(GIVEN RECORDS)

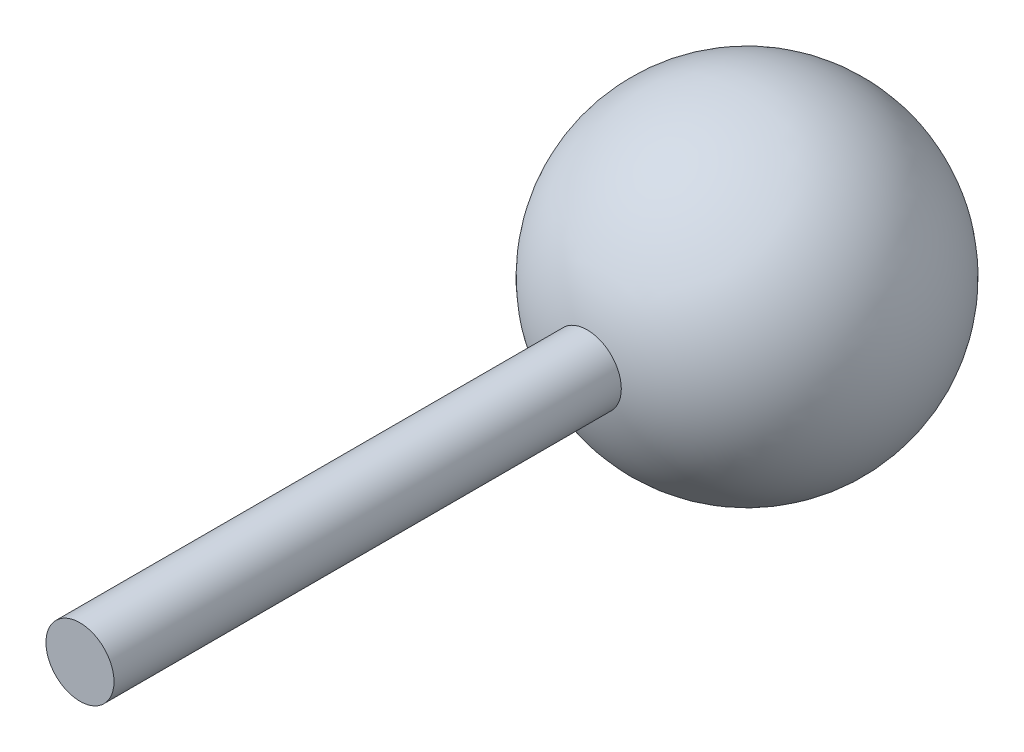
ISO-10303-21;
HEADER;
FILE_DESCRIPTION(('STEP AP214'),'2;1');
FILE_NAME('part.step','',(''),(''),'','','');
FILE_SCHEMA(('AUTOMOTIVE_DESIGN { 1 0 10303 214 1 1 1 1 }'));
ENDSEC;
DATA;
#1=APPLICATION_CONTEXT('core data for automotive mechanical design processes');
#2=APPLICATION_PROTOCOL_DEFINITION('international standard','automotive_design',2000,#1);
#3=PRODUCT_CONTEXT('',#1,'mechanical');
#4=PRODUCT('Part','Part','',(#3));
#5=PRODUCT_RELATED_PRODUCT_CATEGORY('part','',(#4));
#6=PRODUCT_DEFINITION_FORMATION('','',#4);
#7=PRODUCT_DEFINITION_CONTEXT('part definition',#1,'design');
#8=PRODUCT_DEFINITION('design','',#6,#7);
#9=PRODUCT_DEFINITION_SHAPE('','',#8);
#10=(LENGTH_UNIT() NAMED_UNIT(*) SI_UNIT(.MILLI.,.METRE.));
#11=(NAMED_UNIT(*) PLANE_ANGLE_UNIT() SI_UNIT($,.RADIAN.));
#12=(NAMED_UNIT(*) SI_UNIT($,.STERADIAN.) SOLID_ANGLE_UNIT());
#13=UNCERTAINTY_MEASURE_WITH_UNIT(LENGTH_MEASURE(1.E-05),#10,'distance_accuracy_value','');
#14=(GEOMETRIC_REPRESENTATION_CONTEXT(3) GLOBAL_UNCERTAINTY_ASSIGNED_CONTEXT((#13)) GLOBAL_UNIT_ASSIGNED_CONTEXT((#10,
#11,#12)) REPRESENTATION_CONTEXT('',''));
#15=CARTESIAN_POINT('',(0.,0.,0.));
#16=DIRECTION('',(0.,0.,1.));
#17=DIRECTION('',(1.,0.,0.));
#18=AXIS2_PLACEMENT_3D('',#15,#16,#17);
#19=CARTESIAN_POINT('',(0.,-25.,10.3722217202689));
#20=DIRECTION('',(0.,0.,1.));
#21=DIRECTION('',(1.,0.,0.));
#22=AXIS2_PLACEMENT_3D('',#19,#20,#21);
#23=CYLINDRICAL_SURFACE('',#22,2.5);
#24=CARTESIAN_POINT('',(0.,-25.,51.3722217202689));
#25=DIRECTION('',(0.,0.,1.));
#26=DIRECTION('',(1.,0.,0.));
#27=AXIS2_PLACEMENT_3D('',#24,#25,#26);
#28=CIRCLE('',#27,2.5);
#29=CARTESIAN_POINT('',(2.5,-25.,51.3722217202689));
#30=VERTEX_POINT('',#29);
#31=EDGE_CURVE('E41',#30,#30,#28,.T.);
#32=ORIENTED_EDGE('',*,*,#31,.F.);
#33=EDGE_LOOP('',(#32));
#34=FACE_BOUND('',#33,.T.);
#35=CARTESIAN_POINT('',(0.,-25.,14.1089163145744));
#36=DIRECTION('',(0.,0.,-1.));
#37=DIRECTION('',(-1.,0.,0.));
#38=AXIS2_PLACEMENT_3D('',#35,#36,#37);
#39=CIRCLE('',#38,2.5);
#40=CARTESIAN_POINT('',(-2.5,-25.,14.1089163145744));
#41=VERTEX_POINT('',#40);
#42=EDGE_CURVE('E10',#41,#41,#39,.T.);
#43=ORIENTED_EDGE('',*,*,#42,.F.);
#44=EDGE_LOOP('',(#43));
#45=FACE_BOUND('',#44,.T.);
#46=ADVANCED_FACE('F34',(#34,#45),#23,.T.);
#47=CARTESIAN_POINT('',(0.,-25.,51.3722217202689));
#48=DIRECTION('',(0.,0.,1.));
#49=DIRECTION('',(1.,0.,0.));
#50=AXIS2_PLACEMENT_3D('',#47,#48,#49);
#51=PLANE('',#50);
#52=ORIENTED_EDGE('',*,*,#31,.T.);
#53=EDGE_LOOP('',(#52));
#54=FACE_BOUND('',#53,.T.);
#55=ADVANCED_FACE('F47',(#54),#51,.T.);
#56=CARTESIAN_POINT('',(0.,-25.,2.3722217202689));
#57=DIRECTION('',(0.,0.,1.));
#58=DIRECTION('',(-1.,0.,0.));
#59=AXIS2_PLACEMENT_3D('',#56,#57,#58);
#60=SPHERICAL_SURFACE('',#59,12.);
#61=ORIENTED_EDGE('',*,*,#42,.T.);
#62=EDGE_LOOP('',(#61));
#63=FACE_BOUND('',#62,.T.);
#64=ADVANCED_FACE('F36',(#63),#60,.T.);
#65=CLOSED_SHELL('',(#46,#55,#64));
#66=MANIFOLD_SOLID_BREP('B2',#65);
#67=ADVANCED_BREP_SHAPE_REPRESENTATION('',(#18,#66),#14);
#68=SHAPE_DEFINITION_REPRESENTATION(#9,#67);
ENDSEC;
END-ISO-10303-21;

(YOUR ASSIGNMENT) Omit each picture, then return all of the listing exactly as it stands.

(WRITTEN ANSWER)
ISO-10303-21;
HEADER;
FILE_DESCRIPTION(('STEP AP214'),'2;1');
FILE_NAME('part.step','',(''),(''),'','','');
FILE_SCHEMA(('AUTOMOTIVE_DESIGN { 1 0 10303 214 1 1 1 1 }'));
ENDSEC;
DATA;
#1=APPLICATION_CONTEXT('core data for automotive mechanical design processes');
#2=APPLICATION_PROTOCOL_DEFINITION('international standard','automotive_design',2000,#1);
#3=PRODUCT_CONTEXT('',#1,'mechanical');
#4=PRODUCT('Part','Part','',(#3));
#5=PRODUCT_RELATED_PRODUCT_CATEGORY('part','',(#4));
#6=PRODUCT_DEFINITION_FORMATION('','',#4);
#7=PRODUCT_DEFINITION_CONTEXT('part definition',#1,'design');
#8=PRODUCT_DEFINITION('design','',#6,#7);
#9=PRODUCT_DEFINITION_SHAPE('','',#8);
#10=(LENGTH_UNIT() NAMED_UNIT(*) SI_UNIT(.MILLI.,.METRE.));
#11=(NAMED_UNIT(*) PLANE_ANGLE_UNIT() SI_UNIT($,.RADIAN.));
#12=(NAMED_UNIT(*) SI_UNIT($,.STERADIAN.) SOLID_ANGLE_UNIT());
#13=UNCERTAINTY_MEASURE_WITH_UNIT(LENGTH_MEASURE(1.E-05),#10,'distance_accuracy_value','');
#14=(GEOMETRIC_REPRESENTATION_CONTEXT(3) GLOBAL_UNCERTAINTY_ASSIGNED_CONTEXT((#13)) GLOBAL_UNIT_ASSIGNED_CONTEXT((#10,
#11,#12)) REPRESENTATION_CONTEXT('',''));
#15=CARTESIAN_POINT('',(0.,0.,0.));
#16=DIRECTION('',(0.,0.,1.));
#17=DIRECTION('',(1.,0.,0.));
#18=AXIS2_PLACEMENT_3D('',#15,#16,#17);
#19=CARTESIAN_POINT('',(0.,-25.,10.3722217202689));
#20=DIRECTION('',(0.,0.,1.));
#21=DIRECTION('',(1.,0.,0.));
#22=AXIS2_PLACEMENT_3D('',#19,#20,#21);
#23=CYLINDRICAL_SURFACE('',#22,2.5);
#24=CARTESIAN_POINT('',(0.,-25.,51.3722217202689));
#25=DIRECTION('',(0.,0.,1.));
#26=DIRECTION('',(1.,0.,0.));
#27=AXIS2_PLACEMENT_3D('',#24,#25,#26);
#28=CIRCLE('',#27,2.5);
#29=CARTESIAN_POINT('',(2.5,-25.,51.3722217202689));
#30=VERTEX_POINT('',#29);
#31=EDGE_CURVE('E41',#30,#30,#28,.T.);
#32=ORIENTED_EDGE('',*,*,#31,.F.);
#33=EDGE_LOOP('',(#32));
#34=FACE_BOUND('',#33,.T.);
#35=CARTESIAN_POINT('',(0.,-25.,14.1089163145744));
#36=DIRECTION('',(0.,0.,-1.));
#37=DIRECTION('',(-1.,0.,0.));
#38=AXIS2_PLACEMENT_3D('',#35,#36,#37);
#39=CIRCLE('',#38,2.5);
#40=CARTESIAN_POINT('',(-2.5,-25.,14.1089163145744));
#41=VERTEX_POINT('',#40);
#42=EDGE_CURVE('E10',#41,#41,#39,.T.);
#43=ORIENTED_EDGE('',*,*,#42,.F.);
#44=EDGE_LOOP('',(#43));
#45=FACE_BOUND('',#44,.T.);
#46=ADVANCED_FACE('F34',(#34,#45),#23,.T.);
#47=CARTESIAN_POINT('',(0.,-25.,51.3722217202689));
#48=DIRECTION('',(0.,0.,1.));
#49=DIRECTION('',(1.,0.,0.));
#50=AXIS2_PLACEMENT_3D('',#47,#48,#49);
#51=PLANE('',#50);
#52=ORIENTED_EDGE('',*,*,#31,.T.);
#53=EDGE_LOOP('',(#52));
#54=FACE_BOUND('',#53,.T.);
#55=ADVANCED_FACE('F47',(#54),#51,.T.);
#56=CARTESIAN_POINT('',(0.,-25.,2.3722217202689));
#57=DIRECTION('',(0.,0.,1.));
#58=DIRECTION('',(-1.,0.,0.));
#59=AXIS2_PLACEMENT_3D('',#56,#57,#58);
#60=SPHERICAL_SURFACE('',#59,12.);
#61=ORIENTED_EDGE('',*,*,#42,.T.);
#62=EDGE_LOOP('',(#61));
#63=FACE_BOUND('',#62,.T.);
#64=ADVANCED_FACE('F36',(#63),#60,.T.);
#65=CLOSED_SHELL('',(#46,#55,#64));
#66=MANIFOLD_SOLID_BREP('B2',#65);
#67=ADVANCED_BREP_SHAPE_REPRESENTATION('',(#18,#66),#14);
#68=SHAPE_DEFINITION_REPRESENTATION(#9,#67);
ENDSEC;
END-ISO-10303-21;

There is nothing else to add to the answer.